[Problem to solve]: All of the lines below are to be transcribed faithfully, with pictures excluded from the copy.

[Record set]:

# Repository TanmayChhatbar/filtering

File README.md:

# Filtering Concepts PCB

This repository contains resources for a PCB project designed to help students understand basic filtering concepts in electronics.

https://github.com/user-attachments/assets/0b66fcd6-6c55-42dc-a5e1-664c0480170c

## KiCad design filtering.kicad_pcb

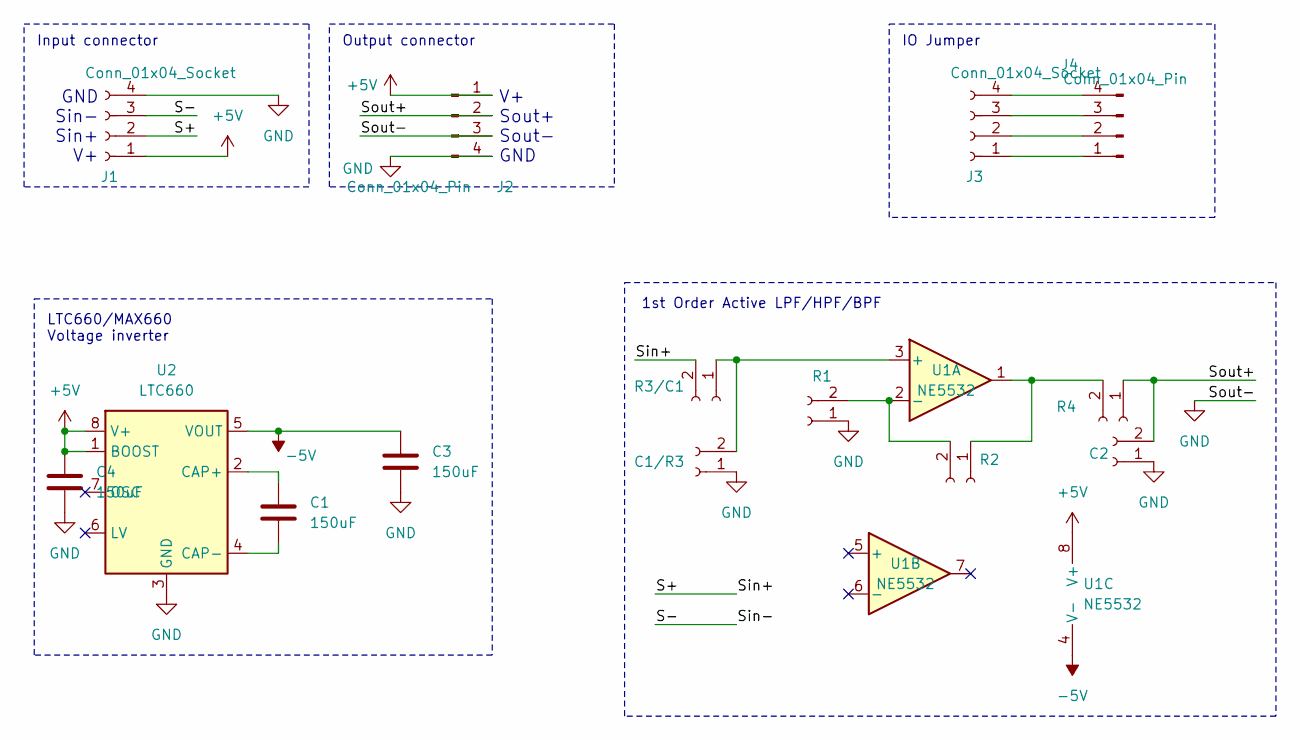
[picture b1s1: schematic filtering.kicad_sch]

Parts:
C1, C3, C4: 150uF; C_1206_3216Metric_Pad1.33x1.80mm_HandSolder
C1/R3, C2: Conn_01x02_Socket; PinSocket_1x02_P2.54mm_Vertical
J1, J3: Conn_01x04_Socket; PinSocket_1x04_P2.54mm_Vertical
J2, J4: Conn_01x04_Pin; PinHeader_1x04_P2.54mm_Vertical
R1, R2, R3/C1, R4: Conn_01x02_Socket; PinSocket_1x02_P2.54mm_Vertical
U1: NE5532; SOIC-8_3.9x4.9mm_P1.27mm
U2: LTC660; SOIC-8_3.9x4.9mm_P1.27mm

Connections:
+5V: C4.1, J1.1, J2.1, U1.8 (V+), U2.1 (BOOST), U2.8 (V+)
-5V: C3.1, U1.4 (V-), U2.5 (VOUT)
/S+: J1.2, R3/C1.2
/S-: J1.3
/Sout+: C2.2, J2.2, R4.1
GND: C1/R3.1, C2.1, C3.2, C4.2, J1.4, J2.3, J2.4, R1.1, U2.3 (GND)
unnamed: C1/R3.2, R3/C1.1, U1.3 (+)
unnamed: J3.1, J4.1
unnamed: J3.2, J4.2
unnamed: J3.3, J4.3
unnamed: J3.4, J4.4
unnamed: R1.2, R2.2, U1.2 (-)
unnamed: R2.1, R4.2, U1.1
unnamed: C1.1, U2.2 (CAP+)
unnamed: C1.2, U2.4 (CAP-)

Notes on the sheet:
V+ Sout+ Sout- GND
Output connector
Input connector
GND Sin- Sin+ V+
1st Order Active LPF/HPF/BPF
IO Jumper
LTC660/MAX660 Voltage inverter

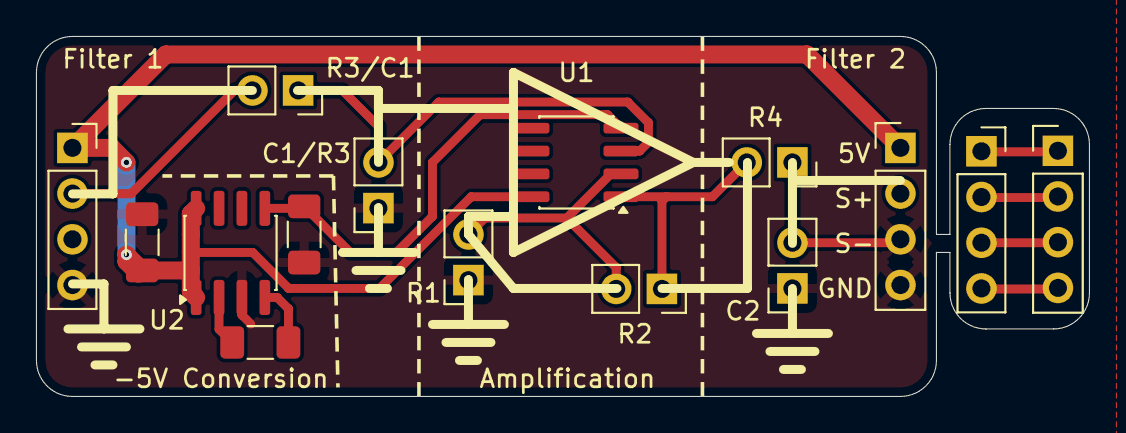
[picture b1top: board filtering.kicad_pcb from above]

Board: 2 copper layers, 58.5 x 20.0 mm, 15 parts (0 on the bottom side), 14 nets.

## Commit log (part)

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2026-01-22 init
2026-01-22 add readme
2026-01-22 pcb update to spread out components more evenly
2026-01-22 better spacing
2026-03-03 add jumper connector

[Finished exercise]:
# Repository TanmayChhatbar/filtering

File README.md:

# Filtering Concepts PCB

This repository contains resources for a PCB project designed to help students understand basic filtering concepts in electronics.

https://github.com/user-attachments/assets/0b66fcd6-6c55-42dc-a5e1-664c0480170c

## KiCad design filtering.kicad_pcb

[picture b1s1: schematic filtering.kicad_sch]

Parts:
C1, C3, C4: 150uF; C_1206_3216Metric_Pad1.33x1.80mm_HandSolder
C1/R3, C2: Conn_01x02_Socket; PinSocket_1x02_P2.54mm_Vertical
J1, J3: Conn_01x04_Socket; PinSocket_1x04_P2.54mm_Vertical
J2, J4: Conn_01x04_Pin; PinHeader_1x04_P2.54mm_Vertical
R1, R2, R3/C1, R4: Conn_01x02_Socket; PinSocket_1x02_P2.54mm_Vertical
U1: NE5532; SOIC-8_3.9x4.9mm_P1.27mm
U2: LTC660; SOIC-8_3.9x4.9mm_P1.27mm

Connections:
+5V: C4.1, J1.1, J2.1, U1.8 (V+), U2.1 (BOOST), U2.8 (V+)
-5V: C3.1, U1.4 (V-), U2.5 (VOUT)
/S+: J1.2, R3/C1.2
/S-: J1.3
/Sout+: C2.2, J2.2, R4.1
GND: C1/R3.1, C2.1, C3.2, C4.2, J1.4, J2.3, J2.4, R1.1, U2.3 (GND)
unnamed: C1/R3.2, R3/C1.1, U1.3 (+)
unnamed: J3.1, J4.1
unnamed: J3.2, J4.2
unnamed: J3.3, J4.3
unnamed: J3.4, J4.4
unnamed: R1.2, R2.2, U1.2 (-)
unnamed: R2.1, R4.2, U1.1
unnamed: C1.1, U2.2 (CAP+)
unnamed: C1.2, U2.4 (CAP-)

Notes on the sheet:
V+ Sout+ Sout- GND
Output connector
Input connector
GND Sin- Sin+ V+
1st Order Active LPF/HPF/BPF
IO Jumper
LTC660/MAX660 Voltage inverter

[picture b1top: board filtering.kicad_pcb from above]

Board: 2 copper layers, 58.5 x 20.0 mm, 15 parts (0 on the bottom side), 14 nets.

## Commit log (part)

2026-01-22 init
2026-01-22 add readme
2026-01-22 pcb update to spread out components more evenly
2026-01-22 better spacing
2026-03-03 add jumper connector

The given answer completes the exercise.